Deploy mixed precision model in libtorch

For non-nested autocast usage it’s not too complex:

    torch::optim::Adam optim(model->parameters(), torch::optim::AdamOptions(1e-3));
    for(int b=0; b<num_batch; b++)
    {
        optim.zero_grad();

        at::autocast::set_enabled(true);
        torch::Tensor result = model(source[b]);
        at::autocast::clear_cache();
        at::autocast::set_enabled(false);

        torch::Tensor loss = torch::l1_loss(result, target);
        loss.backward();
        optim.step();
    }

For nested usage, ie nesting autocast-disabled regions in autocast-enabled regions, manually imitating the behavior of the Python context manager for nested usage would be harder, but the planned RAII guard can make this easy on the user side.

I’m not sure when I’ll PR the RAII guard, I have a backlog of other bugs to work through (mostly adding coverage for ops that currently dont work with autocast).

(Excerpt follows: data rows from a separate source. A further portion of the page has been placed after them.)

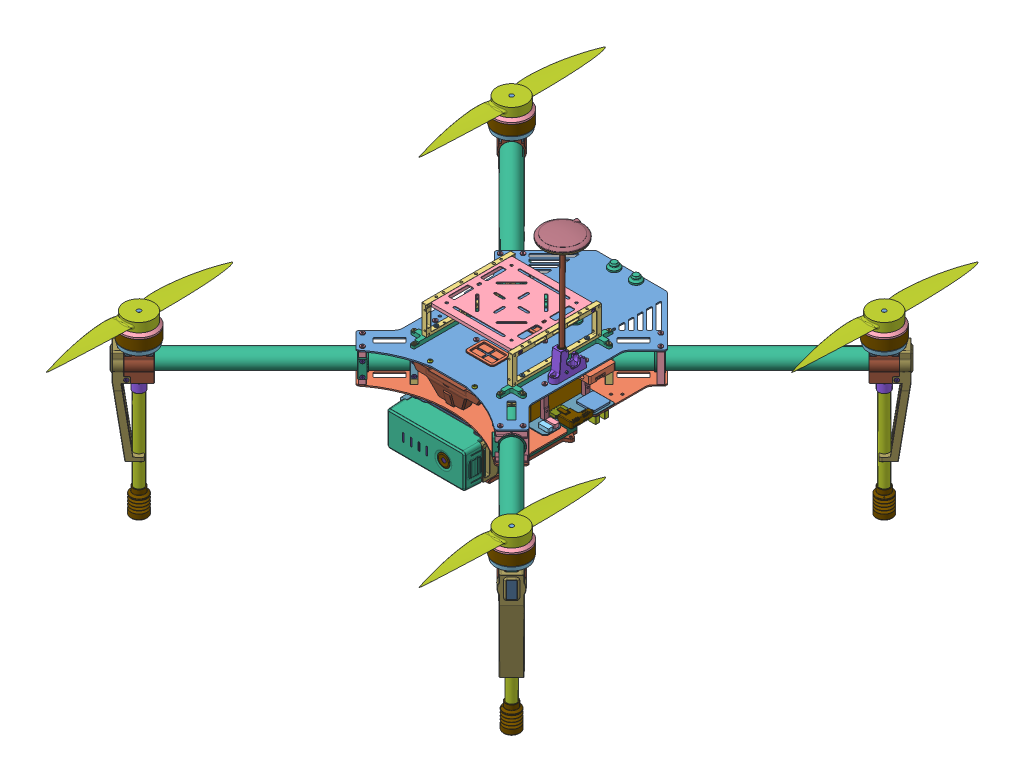
SolidWorks assembly M100_Airframe__CAD, configuration Default. Lengths in mm.
Overall size (567.42 341.74 690.22).
356 component instances, 97 part files, 8 mates.
Components (placement in the parent):
- 100-1: 100 [Default] at origin size (210.39 107.54 255.26)
  - 101-1: 101 [Default] at origin size (210.38 1.5 253.19)
  - 102-1: 102 [Default] at (0 -37 0) x (0 0 1) z (-1 0 0) size (210.39 1.5 210.39)
  - 103-1: 103 [Default] at (57.5962 -17.75 57.5962) x (-0.707107 0 0.707107) z (0.707107 0 0.707107) size (30 35.5 7.06)
  - 104-1: 104 [Default] at (89.5251 -17.75 89.5251) x (-0.707107 0 0.707107) z (0.707107 0 0.707107) size (30 35.5 7)
  - 103-2: 103 [Default] at (-57.5962 -17.75 57.5962) x (0.707107 0 0.707107) z (-0.707107 0 0.707107) size (30 35.5 7.06)
  - 104-2: 104 [Default] at (-94.4749 -17.75 94.4749) x (0.707107 0 0.707107) z (0.707107 0 -0.707107) size (30 35.5 7)
  - 103-3: 103 [Default] at (-57.5962 -17.75 -57.5962) x (0.707107 0 -0.707107) z (-0.707107 0 -0.707107) size (30 35.5 7.06)
  - 104-3: 104 [Default] at (-89.5251 -17.75 -89.5251) x (0.707107 0 -0.707107) z (-0.707107 0 -0.707107) size (30 35.5 7)
  - 103-4: 103 [Default] at (57.5962 -17.75 -57.5962) x (-0.707107 0 -0.707107) z (0.707107 0 -0.707107) size (30 35.5 7.06)
  - 104-4: 104 [Default] at (94.4749 -17.75 -94.4749) x (-0.707107 0 -0.707107) z (-0.707107 0 0.707107) size (30 35.5 7)
  - 105-1: 105 [Default] at (-62.5459 -17.75 -62.5459) x (0 -1 0) z (0.707107 0 0.707107) size (21 6.63 7)
  - 107-1: 107 [Default] at (-50.5 1.5 59.9979) x (0 0 -1) z (0 1 0) size (139.98 19.64 5)
  - 107-2: 107 [Default] at (50.5 1.5 -60.0021) x (0 0 1) z (0 1 0) size (139.98 19.64 5)
  - 107-3: 107 [Default] at (50.5 -37 59.9979) x (0 0 -1) z (0 -1 0) size (139.98 19.64 5)
  - 107-4: 107 [Default] at (-50.5 -37 -60.0021) x (0 0 1) z (0 -1 0) size (139.98 19.64 5)
  - 1080-1: 1080 [Default] at (21.4379 172.8026 -32.3515) x (-1 0 0) z (0 -1 0) size (107.54 107.54 107.54)
    - 1083-1: 1083 [Default] at (-9.315 -53.9231 197.67) x (0.846124 -0.083513 0.526402) z (0.2029 0.963753 -0.173238) size (65.95 81.96 100.76)
      - 1084-1: 1084 [Default] at (14.8112 20.4754 3.2697) x (0.846123 0.49285 0.202916) z (-0.083527 -0.253396 0.96375) size (39 48.7 87.59)
        - 1085-1: 1085 [Default] at (7.4396 73.4003 -13.3971) x (1 0 -0.000017) z (0 -1 0) size (14.5 23.36 14.5)
          - 10850-1: 10850 [Default] at (5.5761 50.8225 94.2464) x (1 0 0) z (0 -1 0) size (14.5 14.5 23.36)
        - 1086-1: 1086 [Default] at (14.5666 -10.4498 39.4253) x (1 0 -0.000017) z (0 -1 0.000177) size (34.91 74.7 29.01)
        - 1087-1: 1087 [Default] at (7.4455 -20.2004 66.9271) x (1 0 -0.000017) z (0.000017 0.000177 1) size (30 30 7)
        - 10880-1: 10880 [Default] at (19.1336 64.3288 17.0227) x (1 0 0) z (0 -1 0) size (39 78.4 26.48)
          - 10881-1: 10881 [Default] at origin size (39 78.4 26.48)
            - 10882-1: 10882 [Default] at origin size (39 78.4 19.9)
            - 10883-1: 10883 [Default] at origin size (39 78.4 9.83)
    - 1082-1: 1082 [Default] at (43.3879 -53.9715 207.3026) x (0 -1 0) z (1 0 0) size (6 34.5 7)
    - 1082-2: 1082 [Default] at (-0.5121 -53.9715 207.3026) x (0 1 0) z (-1 0 0) size (6 34.5 7)
    - 1081-1: 1081 [Default] at (43.3879 -13.3515 207.3026) x (0 -1 0) z (1 0 0) size (6 35.5 5)
  - 1090-1: 1090 [Default] at (-6.5406 -162.4 6.5406) x (1 0 0) z (0 1 0) size (190.05 78.5 35)
    - 1091-1: 1091 [Default] at (6.5406 11.5406 127) size (190 78.5 0.9)
    - 60-1: 60 [Default] at (80.5406 33.7906 111.4) x (0 -1 0) z (0 0 1) size (15.64 8.2 18.6)
    - 60-2: 60 [Default] at (-67.6094 18.2906 143.5) x (-1 0 0) z (0 0 -1) size (15.64 8.2 18.6)
    - CAN-4_1-1: CAN-4_1 [Default] at (78.5906 -7.3844 130.335) x (0 1 0) z (1 0 0) size (19.65 5.87 10.9)
    - CAN-4_1-2: CAN-4_1 [Default] at (-65.5094 1.6156 130.635) x (0 -1 0) z (-1 0 0) size (19.65 5.87 10.9)
    - 30-1: 30 [Default] at (-82.4594 29.0906 127.9) size (10.7 5.7 13.1)
    - 30-2: 30 [Default] at (98.7406 29.0906 127) x (-1 0 0) z (0 0 -1) size (10.7 5.7 13.1)
    - 30-3: 30 [Default] at (98.7406 17.8906 127) x (-1 0 0) z (0 0 -1) size (10.7 5.7 13.1)
    - can-40_1-1: can-40_1 [Default] at (101.5406 -14.8844 126.335) x (0 1 0) z (0 0 1) size (29 24.05 8.55)
    - 1092-1: 1092 [Default] at (6.5406 3.2906 127) x (-1 0 0) z (0 0 -1) size (190 78.5 0.1)
    - BM05B-GHS-TBT_1-1: BM05B-GHS-TBT_1 [Default] at (-69.2602 -22.2344 128.075) x (1 0 0) z (0 -1 0) size (9.5 4.2 4.95)
    - PRODUCT_905935-1: PRODUCT_905935 [Default] at (-68.7094 -30.4844 128.075) x (1 0 0) z (0 -1 0) size (10.75 4.2 4.95)
    - PRODUCT_905935-2: PRODUCT_905935 [Default] at (92.5406 -30.4844 128.075) x (1 0 0) z (0 -1 0) size (10.75 4.2 4.95)
    - BM05B-GHS-TBT_1-2: BM05B-GHS-TBT_1 [Default] at (82.5406 -25.4344 128.075) x (-1 0 0) z (0 1 0) size (9.5 4.2 4.95)
    - 1093-1: 1093 [Default] at (-74.0102 -23.8344 128.85) x (-1 0 0) z (0 0 1) size (11.5 6.25 4.5)
    - 1094-1: 1094 [Default] at (-74.0844 -32.0844 128.85) x (-1 0 0) z (0 0 1) size (12.75 6.25 4.5)
    - 1095-1: 1095 [Default] at (-71.4594 1.6156 130.635) x (0 1 0) z (1 0 0) size (15.65 3.87 6)
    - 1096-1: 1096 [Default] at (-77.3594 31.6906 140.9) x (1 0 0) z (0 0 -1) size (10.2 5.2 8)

However, there’s a bigger problem here: your code is a training loop. When training with autocast, you should also use gradient scaling. If your network happens to converge without gradient scaling, great, but I expect you will need it.

Imitating torch.cuda.amp.GradScaler on the C++ side is not as easy as imitating torch.cuda.amp.autocast. autocast's Python source is (mostly) a thin wrapper around the calls above, but GradScaler's Python source contains a fair amount of important logic. I do plan to create an equivalent C++ GradScaler, but that’s a substantial effort. In the meantime, you can try to manually duplicate GradScaler’s logic. Much of GradScaler’s complexity comes from handling the possibility of different layers on different devices. If you can rule that out in your case you can write the logic more simply, but it’s still not trivial.

Using autocast as shown above for inference (not training) should be fine without GradScaler.